Es braucht nicht viel, manchmal reicht schon ein Tag: Dieses laotische Dorf liegt ausserhalb von Luang Prabang, der alten Hauptstadt von Laos voll mit Touristinnen und Touristen. Im Dorf hingegen wird mir die ganze Zeit zugewunken. Zwei Welten, getrennt durch acht Kilometer.
Jedenfalls, ich habe in Südostasien die Nordroute gemacht, aber «verkehrt» – ich bin in Vientiane (Laos) gelandet, nach Luang Prabang gereist und dann nach Thailand weiter. Das Tolle daran war, dass ich in jeder Stadt Leute wiedererkannte, die in meine Richtung gingen. Der Strom der Menschen in die entgegengesetzte Richtung war ohne Übertreibung zehnmal so gross. Von Chiang Mai aus kann man sich für den Mae Hong Son Loop entscheiden, einen wunderschönen mehrtägigen Roadtrip, der einen nahe an myanmarische Grenze führt. Die Leute sprachen begeistert davon, dass es „das Ding“ und „abseits der Massen“ sei. Mhm. Diejenigen, die von dort zurückkehrten, hatten eine Aura von Abenteurern, sie hatten es „geschafft“. Sie waren initiiert. Ich habe es ausgelassen. War ich überhaupt in Thailand?
Interaktion mit Einheimischen ist rar und transaktional, teils aufgrund der Sprachbarriere, aber vor allem auch, weil die Backpackerinnen und Backpacker primär unter sich bleiben wollen, auch wenn sie das Gegenteil sagen. Locals werden von manchen (zum Glück nicht von allen) auch idealisiert und wahlweise als „simpel, aber zufrieden“ oder „die wollen doch alle nur die Touris über den Tisch ziehen“ beschrieben. Mal daran gedacht, dass es einfach ganz normale Menschen sein könnten?

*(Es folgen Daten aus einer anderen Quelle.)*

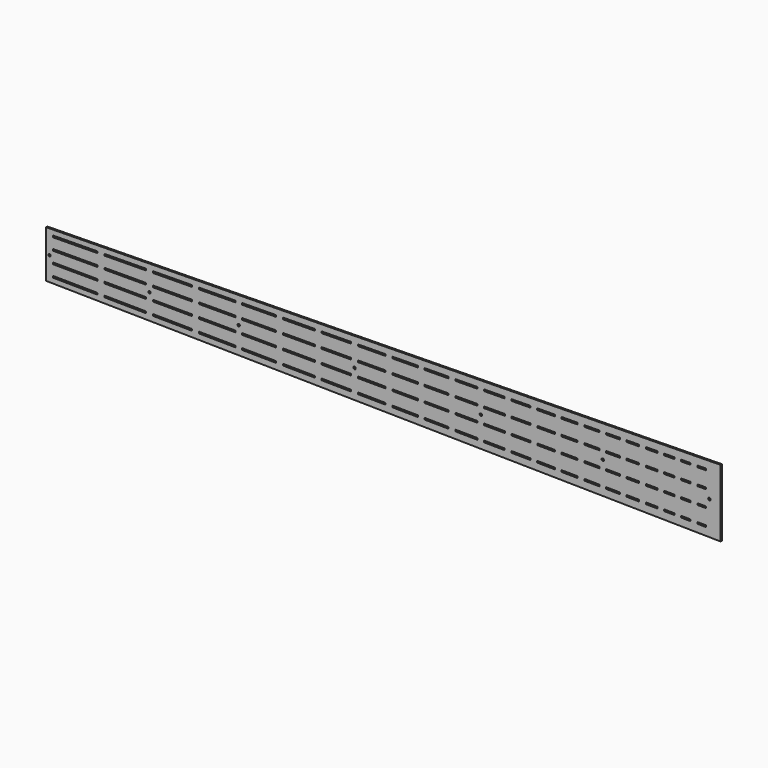
from build123d import *

# Parameters (mm, degrees)
F2_DEPTH = 1.524
F4_DEPTH = 1.525
F5_R     = 1.1303
F6_DEPTH = 979
F7_DEPTH = 1.525


# Not quite as in the source:
# - an extrude ends at something that could not be found from the text; its depth is read off the source's solid


with BuildPart() as f2:
    # F1 (on Front) → F2 (new body)
    with BuildSketch(Plane.XZ):
        Polygon((0, 44.45), (0, 0), (635, -9.525), (635, 53.975), align=None)
    extrude(amount=F2_DEPTH)

    # F0 (on Front) → F4 (cut, through all)
    with BuildSketch(Plane.XZ):
        Polygon((6.3580304305, 6.2480541955), (6.3496125138, 5.4861006938), (6.341194597, 4.7241471921), (48.4590379481, 4.2588373038), (48.4674558648, 5.0207908055), (48.4758737815, 5.7827443071), align=None)
        Polygon((54.8254862953, 5.7125950009), (54.8170683786, 4.9506414993), (54.8086504618, 4.1886879976), (94.2054562647, 3.7534396124), (94.2138741814, 4.515393114), (94.2222920981, 5.2773466157), align=None)
        Polygon((100.5719046119, 5.2071973095), (100.5634866952, 4.4452438078), (100.5550687784, 3.6832903062), (137.385412, 3.2763957093), (137.3938299168, 4.0383492109), (137.4022478336, 4.8003027126), align=None)
        Polygon((143.7518603473, 4.7301534064), (143.7434424306, 3.9681999047), (143.7350245139, 3.2062464031), (178.1336185335, 2.8262173069), (178.1420364502, 3.5881708085), (178.150454367, 4.3501243102), align=None)
        Polygon((184.5000668807, 4.279975004), (184.491648964, 3.5180215023), (184.4832310472, 2.7560680007), (216.6098321156, 2.4011394486), (216.6182500324, 3.1630929503), (216.6266679491, 3.9250464519), align=None)
        Polygon((222.9762804629, 3.8548971457), (222.9678625461, 3.0929436441), (222.9594446294, 2.3309901424), (252.9185419701, 2.0000077576), (252.9269598868, 2.7619612592), (252.9353778036, 3.5239147609), align=None)
        Polygon((259.2849903173, 3.4537654547), (259.2765724006, 2.691811953), (259.2681544838, 1.9298584514), (287.1901437394, 1.6213816475), (287.1985616562, 2.3833351492), (287.2069795729, 3.1452886508), align=None)
        Polygon((293.5565920867, 3.0751393446), (293.5481741699, 2.313185843), (293.5397562532, 1.5512323413), (319.5377621202, 1.2640113384), (319.5461800369, 2.0259648401), (319.5545979537, 2.7879183417), align=None)
        Polygon((325.9042104674, 2.7177690355), (325.8957925507, 1.9558155339), (325.887374634, 1.1938620322), (350.0702040724, 0.9266947518), (350.0786219892, 1.6886482534), (350.0870399059, 2.4506017551), align=None)
        Polygon((356.4366524197, 2.3804524489), (356.4282345029, 1.6184989472), (356.4198165862, 0.8565454456), (378.8893681778, 0.6083061315), (378.8977860945, 1.3702596332), (378.9062040113, 2.1322131349), align=None)
        Polygon((385.255816525, 2.0620638286), (385.2473986083, 1.300110327), (385.2389806915, 0.5381568253), (406.0902446394, 0.3077960441), (406.0986625561, 1.0697495457), (406.1070804729, 1.8317030474), align=None)
        Polygon((412.4566929866, 1.7615537412), (412.4482750699, 0.9996002395), (412.4398571532, 0.2376467379), (431.7652330186, 0.0241436767), (431.7736509354, 0.7860971784), (431.7820688521, 1.54805068), align=None)
        Polygon((438.1316813659, 1.4779013738), (438.1232634491, 0.7159478722), (438.1148455324, -0.0460056295), (455.998960951, -0.2435859206), (456.0073788678, 0.5183675811), (456.0157967845, 1.2803210827), align=None)
        Polygon((462.3654092983, 1.2101717765), (462.3569913815, 0.4482182749), (462.3485734648, -0.3137352268), (478.872601883, -0.4962895364), (478.8810197997, 0.2656639652), (478.8894377165, 1.0276174669), align=None)
        Polygon((485.2390502302, 0.9574681607), (485.2306323135, 0.195514659), (485.2222143967, -0.5664388426), (500.462147977, -0.7348067178), (500.4705658938, 0.0271467838), (500.4789838105, 0.7891002855), align=None)
        Polygon((506.8285963243, 0.7189509793), (506.8201784075, -0.0430025224), (506.8117604908, -0.804956024), (520.8401372066, -0.9599388504), (520.8485551233, -0.1979853487), (520.8569730401, 0.5639681529), align=None)
        Polygon((527.2065855538, 0.4938188467), (527.1981676371, -0.268134655), (527.1897497203, -1.0300881566), (540.0739262612, -1.172430078), (540.0823441779, -0.4104765763), (540.0907620946, 0.3514769253), align=None)
        Polygon((546.4403746084, 0.2813276191), (546.4319566917, -0.4806258825), (546.4235387749, -1.2425793842), (558.2291447357, -1.3730054638), (558.2375626524, -0.6110519622), (558.2459805692, 0.1509015395), align=None)
        Polygon((564.5955930829, 0.0807522333), (564.5871751662, -0.6812012684), (564.5787572494, -1.44315477), (575.3645138467, -1.5623137487), (575.3729317635, -0.8003602471), (575.3813496802, -0.0384067454), align=None)
        Polygon((581.730962194, -0.1085560516), (581.7225442772, -0.8705095533), (581.7141263605, -1.6324630549), (591.5387548107, -1.7410036734), (591.5471727275, -0.9790501718), (591.5555906442, -0.2170966701), align=None)
        Polygon((597.905203158, -0.2872459763), (597.8967852412, -1.049199478), (597.8883673245, -1.8111529796), (606.8045440132, -1.9096571966), (606.81296193, -1.1477036949), (606.8213798467, -0.3857501933), align=None)
        Polygon((613.1709923605, -0.4558994995), (613.1625744437, -1.2178530011), (613.154156527, -1.9798065028), (621.2145578395, -2.0688562768), (621.2229757563, -1.3069027752), (621.231393673, -0.5449492735), align=None)
        Polygon((6.3527629194, 17.4073617316), (6.3499569471, 16.6453668979), (6.3471509749, 15.8833720643), (48.4672789994, 15.7282687682), (48.4700849717, 16.4902636018), (48.4728909439, 17.2522584355), align=None)
        Polygon((54.8228478911, 17.2288753334), (54.8200419188, 16.4668804998), (54.8172359466, 15.7048856661), (94.2161788208, 15.559802871), (94.218984793, 16.3217977047), (94.2217907653, 17.0837925383), align=None)
        Polygon((100.5717477124, 17.0604094363), (100.5689417402, 16.2984146026), (100.5661357679, 15.5364197689), (137.3984768438, 15.4007882367), (137.401282816, 16.1627830703), (137.4040887883, 16.924777904), align=None)
        Polygon((143.7540457354, 16.9013948019), (143.7512397632, 16.1393999682), (143.7484337909, 15.3774051346), (178.148893755, 15.2507287692), (178.1516997272, 16.0127236028), (178.1545056995, 16.7747184365), align=None)
        Polygon((184.5044626466, 16.7513353344), (184.5016566744, 15.9893405008), (184.4988507021, 15.2273456671), (216.6271944712, 15.1090361498), (216.6300004434, 15.8710309834), (216.6328064157, 16.6330258171), align=None)
        Polygon((222.9827633628, 16.609642715), (222.9799573906, 15.8476478814), (222.9771514183, 15.0856530477), (252.9378738839, 14.9753255861), (252.9406798562, 15.7373204197), (252.9434858284, 16.4993152534), align=None)
        Polygon((259.2934427755, 16.4759321513), (259.2906368033, 15.7139373177), (259.2878308311, 14.951942484), (287.211334709, 14.8491168827), (287.2141406813, 15.6111117164), (287.2169466535, 16.37310655), align=None)
        Polygon((293.5669036007, 16.349723448), (293.5640976284, 15.5877286143), (293.5612916562, 14.8257337807), (319.5607077795, 14.7299934464), (319.5635137518, 15.49198828), (319.566319724, 16.2539831137), align=None)
        Polygon((325.9162766711, 16.2306000116), (325.9134706989, 15.468605178), (325.9106647266, 14.7066103443), (350.0948059576, 14.6175545842), (350.0976119298, 15.3795494178), (350.1004179021, 16.1415442515), align=None)
        Polygon((356.4503748492, 16.1181611494), (356.447568877, 15.3561663157), (356.4447629047, 14.5941714821), (378.9155333524, 14.5114250441), (378.9183393246, 15.2734198777), (378.9211452969, 16.0354147114), align=None)
        Polygon((385.271102244, 16.0120316093), (385.2682962718, 15.2500367757), (385.2654902995, 14.488041942), (406.1178853198, 14.4112550149), (406.120691292, 15.1732498486), (406.1234972643, 15.9352446822), align=None)
        Polygon((412.4734542114, 15.9118615802), (412.4706482392, 15.1498667465), (412.4678422669, 14.3878719129), (431.7942664333, 14.3167042258), (431.7970724056, 15.0786990595), (431.7998783778, 15.8406938931), align=None)
        Polygon((438.1498353249, 15.817310791), (438.1470293527, 15.0553159574), (438.1442233804, 14.2933211237), (456.0293089191, 14.2274610267), (456.0321148914, 14.9894558604), (456.0349208636, 15.751450694), align=None)
        Polygon((462.3848778108, 15.728067592), (462.3820718385, 14.9660727583), (462.3792658663, 14.2040779246), (478.9041906269, 14.1432264881), (478.9069965991, 14.9052213217), (478.9098025714, 15.6672161554), align=None)
        Polygon((485.2597595185, 15.6438330533), (485.2569535463, 14.8818382197), (485.254147574, 14.119843386), (500.4949078413, 14.063720761), (500.4977138136, 14.8257155946), (500.5005197858, 15.5877104283), align=None)
        Polygon((506.850476733, 15.5643273262), (506.8476707607, 14.8023324925), (506.8448647885, 14.0403376589), (520.8740024706, 13.9886767168), (520.8768084428, 14.7506715504), (520.8796144151, 15.5126663841), align=None)
        Polygon((527.2295713622, 15.489283282), (527.22676539, 14.7272884483), (527.2239594177, 13.9652936147), (540.1088348579, 13.9178463076), (540.1116408302, 14.6798411412), (540.1144468024, 15.4418359749), align=None)
        Polygon((546.4644037496, 15.4184528728), (546.4615977773, 14.6564580392), (546.4587918051, 13.8944632055), (558.2650381585, 13.8509878456), (558.2678441307, 14.6129826793), (558.270650103, 15.3749775129), align=None)
        Polygon((564.6206070501, 15.3515944109), (564.6178010778, 14.5895995772), (564.6149951056, 13.8276047435), (575.4013367739, 13.787885084), (575.4041427462, 14.5498799176), (575.4069487184, 15.3118747513), align=None)
        Polygon((581.7569056656, 15.2884916492), (581.7540996933, 14.5264968156), (581.7512937211, 13.7645019819), (591.5764551063, 13.7283217758), (591.5792610785, 14.4903166094), (591.5820670508, 15.2523114431), align=None)
        Polygon((597.9320239979, 15.228928341), (597.9292180256, 14.4669335073), (597.9264120534, 13.7049386737), (606.8430723982, 13.6721039347), (606.8458783705, 14.4340987684), (606.8486843427, 15.196093602), align=None)
        Polygon((613.1986412899, 15.1727104999), (613.1958353176, 14.4107156663), (613.1930293454, 13.6487208326), (621.2538678927, 13.6190375746), (621.2566738649, 14.3810324083), (621.2594798372, 15.1430272419), align=None)
        Polygon((6.3471509749, 28.5666279357), (6.3499569471, 27.8046331021), (6.3527629194, 27.0426382684), (48.4728909439, 27.1977415645), (48.4700849717, 27.9597363982), (48.4672789994, 28.7217312318), align=None)
        Polygon((54.8172359466, 28.7451143339), (54.8200419188, 27.9831195002), (54.8228478911, 27.2211246666), (94.2217907653, 27.3662074617), (94.218984793, 28.1282022953), (94.2161788208, 28.890197129), align=None)
        Polygon((100.5661357679, 28.9135802311), (100.5689417402, 28.1515853974), (100.5717477124, 27.3895905637), (137.4040887883, 27.525222096), (137.401282816, 28.2872169297), (137.3984768438, 29.0492117633), align=None)
        Polygon((143.7484337909, 29.0725948654), (143.7512397632, 28.3106000318), (143.7540457354, 27.5486051981), (178.1545056995, 27.6752815635), (178.1516997272, 28.4372763972), (178.148893755, 29.1992712308), align=None)
        Polygon((184.4988507021, 29.2226543329), (184.5016566744, 28.4606594992), (184.5044626466, 27.6986646656), (216.6328064157, 27.8169741829), (216.6300004434, 28.5789690166), (216.6271944712, 29.3409638502), align=None)
        Polygon((222.9771514183, 29.3643469523), (222.9799573906, 28.6023521186), (222.9827633628, 27.840357285), (252.9434858284, 27.9506847466), (252.9406798562, 28.7126795803), (252.9378738839, 29.4746744139), align=None)
        Polygon((259.2878308311, 29.498057516), (259.2906368033, 28.7360626823), (259.2934427755, 27.9740678487), (287.2169466535, 28.07689345), (287.2141406813, 28.8388882836), (287.211334709, 29.6008831173), align=None)
        Polygon((293.5612916562, 29.6242662193), (293.5640976284, 28.8622713857), (293.5669036007, 28.100276552), (319.566319724, 28.1960168863), (319.5635137518, 28.95801172), (319.5607077795, 29.7200065536), align=None)
        Polygon((325.9106647266, 29.7433896557), (325.9134706989, 28.981394822), (325.9162766711, 28.2193999884), (350.1004179021, 28.3084557485), (350.0976119298, 29.0704505822), (350.0948059576, 29.8324454158), align=None)
        Polygon((356.4447629047, 29.8558285179), (356.447568877, 29.0938336843), (356.4503748492, 28.3318388506), (378.9211452969, 28.4145852886), (378.9183393246, 29.1765801223), (378.9155333524, 29.9385749559), align=None)
        Polygon((385.2654902995, 29.961958058), (385.2682962718, 29.1999632243), (385.271102244, 28.4379683907), (406.1234972643, 28.5147553178), (406.120691292, 29.2767501514), (406.1178853198, 30.0387449851), align=None)
        Polygon((412.4678422669, 30.0621280871), (412.4706482392, 29.3001332535), (412.4734542114, 28.5381384198), (431.7998783778, 28.6093061069), (431.7970724056, 29.3713009405), (431.7942664333, 30.1332957742), align=None)
        Polygon((438.1442233804, 30.1566788763), (438.1470293527, 29.3946840426), (438.1498353249, 28.632689209), (456.0349208636, 28.698549306), (456.0321148914, 29.4605441396), (456.0293089191, 30.2225389733), align=None)
        Polygon((462.3792658663, 30.2459220754), (462.3820718385, 29.4839272417), (462.3848778108, 28.721932408), (478.9098025714, 28.7827838446), (478.9069965991, 29.5447786783), (478.9041906269, 30.3067735119), align=None)
        Polygon((485.254147574, 30.330156614), (485.2569535463, 29.5681617803), (485.2597595185, 28.8061669467), (500.5005197858, 28.8622895717), (500.4977138136, 29.6242844054), (500.4949078413, 30.386279239), align=None)
        Polygon((506.8448647885, 30.4096623411), (506.8476707607, 29.6476675075), (506.850476733, 28.8856726738), (520.8796144151, 28.9373336159), (520.8768084428, 29.6993284496), (520.8740024706, 30.4613232832), align=None)
        Polygon((527.2239594177, 30.4847063853), (527.22676539, 29.7227115517), (527.2295713622, 28.960716718), (540.1144468024, 29.0081640251), (540.1116408302, 29.7701588588), (540.1088348579, 30.5321536924), align=None)
        Polygon((546.4587918051, 30.5555367945), (546.4615977773, 29.7935419608), (546.4644037496, 29.0315471272), (558.270650103, 29.0750224871), (558.2678441307, 29.8370173207), (558.2650381585, 30.5990121544), align=None)
        Polygon((564.6149951056, 30.6223952565), (564.6178010778, 29.8604004228), (564.6206070501, 29.0984055891), (575.4069487184, 29.1381252487), (575.4041427462, 29.9001200824), (575.4013367739, 30.662114916), align=None)
        Polygon((581.7512937211, 30.6854980181), (581.7540996933, 29.9235031844), (581.7569056656, 29.1615083508), (591.5820670508, 29.1976885569), (591.5792610785, 29.9596833906), (591.5764551063, 30.7216782242), align=None)
        Polygon((597.9264120534, 30.7450613263), (597.9292180256, 29.9830664927), (597.9320239979, 29.221071659), (606.8486843427, 29.253906398), (606.8458783705, 30.0159012316), (606.8430723982, 30.7778960653), align=None)
        Polygon((613.1930293454, 30.8012791674), (613.1958353176, 30.0392843337), (613.1986412899, 29.2772895001), (621.2594798372, 29.3069727581), (621.2566738649, 30.0689675917), (621.2538678927, 30.8309624254), align=None)
        Polygon((6.341194597, 39.7258528079), (6.3496125138, 38.9638993062), (6.3580304305, 38.2019458046), (48.4758737815, 38.6672556929), (48.4674558648, 39.4292091945), (48.4590379481, 40.1911626962), align=None)
        Polygon((54.8086504618, 40.2613120024), (54.8170683786, 39.4993585007), (54.8254862953, 38.7374049991), (94.2222920981, 39.1726533843), (94.2138741814, 39.934606886), (94.2054562647, 40.6965603876), align=None)
        Polygon((100.5550687784, 40.7667096938), (100.5634866952, 40.0047561922), (100.5719046119, 39.2428026905), (137.4022478336, 39.6496972874), (137.3938299168, 40.4116507891), (137.385412, 41.1736042907), align=None)
        Polygon((143.7350245139, 41.2437535969), (143.7434424306, 40.4818000953), (143.7518603473, 39.7198465936), (178.150454367, 40.0998756898), (178.1420364502, 40.8618291915), (178.1336185335, 41.6237826931), align=None)
        Polygon((184.4832310472, 41.6939319993), (184.491648964, 40.9319784977), (184.5000668807, 40.170024996), (216.6266679491, 40.5249535481), (216.6182500324, 41.2869070497), (216.6098321156, 42.0488605514), align=None)
        Polygon((222.9594446294, 42.1190098576), (222.9678625461, 41.3570563559), (222.9762804629, 40.5951028543), (252.9353778036, 40.9260852391), (252.9269598868, 41.6880387408), (252.9185419701, 42.4499922424), align=None)
        Polygon((259.2681544838, 42.5201415486), (259.2765724006, 41.758188047), (259.2849903173, 40.9962345453), (287.2069795729, 41.3047113492), (287.1985616562, 42.0666648508), (287.1901437394, 42.8286183525), align=None)
        Polygon((293.5397562532, 42.8987676587), (293.5481741699, 42.136814157), (293.5565920867, 41.3748606554), (319.5545979537, 41.6620816583), (319.5461800369, 42.4240351599), (319.5377621202, 43.1859886616), align=None)
        Polygon((325.887374634, 43.2561379678), (325.8957925507, 42.4941844661), (325.9042104674, 41.7322309645), (350.0870399059, 41.9993982449), (350.0786219892, 42.7613517466), (350.0702040724, 43.5233052482), align=None)
        Polygon((356.4198165862, 43.5934545544), (356.4282345029, 42.8315010528), (356.4366524197, 42.0695475511), (378.9062040113, 42.3177868652), (378.8977860945, 43.0797403668), (378.8893681778, 43.8416938685), align=None)
        Polygon((385.2389806915, 43.9118431747), (385.2473986083, 43.149889673), (385.255816525, 42.3879361714), (406.1070804729, 42.6182969526), (406.0986625561, 43.3802504543), (406.0902446394, 44.1422039559), align=None)
        Polygon((412.4398571532, 44.2123532621), (412.4482750699, 43.4503997605), (412.4566929866, 42.6884462588), (431.7820688521, 42.90194932), (431.7736509354, 43.6639028216), (431.7652330186, 44.4258563233), align=None)
        Polygon((438.1148455324, 44.4960056295), (438.1232634491, 43.7340521278), (438.1316813659, 42.9720986262), (456.0157967845, 43.1696789173), (456.0073788678, 43.9316324189), (455.998960951, 44.6935859206), align=None)
        Polygon((462.3485734648, 44.7637352268), (462.3569913815, 44.0017817251), (462.3654092983, 43.2398282235), (478.8894377165, 43.4223825331), (478.8810197997, 44.1843360348), (478.872601883, 44.9462895364), align=None)
        Polygon((485.2222143967, 45.0164388426), (485.2306323135, 44.254485341), (485.2390502302, 43.4925318393), (500.4789838105, 43.6608997145), (500.4705658938, 44.4228532162), (500.462147977, 45.1848067178), align=None)
        Polygon((506.8117604908, 45.254956024), (506.8201784075, 44.4930025224), (506.8285963243, 43.7310490207), (520.8569730401, 43.8860318471), (520.8485551233, 44.6479853487), (520.8401372066, 45.4099388504), align=None)
        Polygon((527.1897497203, 45.4800881566), (527.1981676371, 44.718134655), (527.2065855538, 43.9561811533), (540.0907620946, 44.0985230747), (540.0823441779, 44.8604765763), (540.0739262612, 45.622430078), align=None)
        Polygon((546.4235387749, 45.6925793842), (546.4319566917, 44.9306258825), (546.4403746084, 44.1686723809), (558.2459805692, 44.2990984605), (558.2375626524, 45.0610519622), (558.2291447357, 45.8230054638), align=None)
        Polygon((564.5787572494, 45.89315477), (564.5871751662, 45.1312012684), (564.5955930829, 44.3692477667), (575.3813496802, 44.4884067454), (575.3729317635, 45.2503602471), (575.3645138467, 46.0123137487), align=None)
        Polygon((581.7141263605, 46.0824630549), (581.7225442772, 45.3205095533), (581.730962194, 44.5585560516), (591.5555906442, 44.6670966701), (591.5471727275, 45.4290501718), (591.5387548107, 46.1910036734), align=None)
        Polygon((597.8883673245, 46.2611529796), (597.8967852412, 45.499199478), (597.905203158, 44.7372459763), (606.8213798467, 44.8357501933), (606.81296193, 45.5977036949), (606.8045440132, 46.3596571966), align=None)
        Polygon((613.154156527, 46.4298065028), (613.1625744437, 45.6678530011), (613.1709923605, 44.9058994995), (621.231393673, 44.9949492735), (621.2229757563, 45.7569027752), (621.2145578395, 46.5188562768), align=None)
    extrude(amount=F4_DEPTH, mode=Mode.SUBTRACT)

    # F5 (on face) → F6 (cut, through all)
    with BuildSketch(Plane.XZ.offset(1.524)):
        with Locations((97.3946236, 22.225)):
            Circle(F5_R)
        with Locations((3.175, 22.225)):
            Circle(F5_R)
        with Locations((181.3279076, 22.225)):
            Circle(F5_R)
        with Locations((290.391088, 22.225)):
            Circle(F5_R)
        with Locations((409.2984448, 22.225)):
            Circle(F5_R)
        with Locations((524.05534, 22.225)):
            Circle(F5_R)
        with Locations((624.435886, 22.225)):
            Circle(F5_R)
    extrude(amount=F6_DEPTH, mode=Mode.SUBTRACT)

    # F5 (on face) → F7 (cut, through all)
    with BuildSketch(Plane.XZ.offset(1.524)):
        with Locations((97.3946236, 22.225)):
            Circle(F5_R)
        with Locations((3.175, 22.225)):
            Circle(F5_R)
        with Locations((181.3279076, 22.225)):
            Circle(F5_R)
        with Locations((290.391088, 22.225)):
            Circle(F5_R)
        with Locations((409.2984448, 22.225)):
            Circle(F5_R)
        with Locations((524.05534, 22.225)):
            Circle(F5_R)
        with Locations((624.435886, 22.225)):
            Circle(F5_R)
    extrude(amount=-F7_DEPTH, mode=Mode.SUBTRACT)


solid = f2.part

Und dann gibt’s noch die ganzen New-Age-Leute, die mit ihren Peace-Shirts und fünf Halsketten und Buddha-Tattoos rumtouren, Pillen runterkippen und über ihre Chakren reden und „wie happy die Leute in Asien sind, obwohl sie nichts haben“. Was für ein Quatsch.
Aber ich glaube, du hast die Message langsam verstanden und gähnst nur noch. Was auch immer Authentizität beim Reisen ist, das ist es nicht.
Aber hey: Wen kümmert das schon? YOLO. Viel Spass in Südostasien!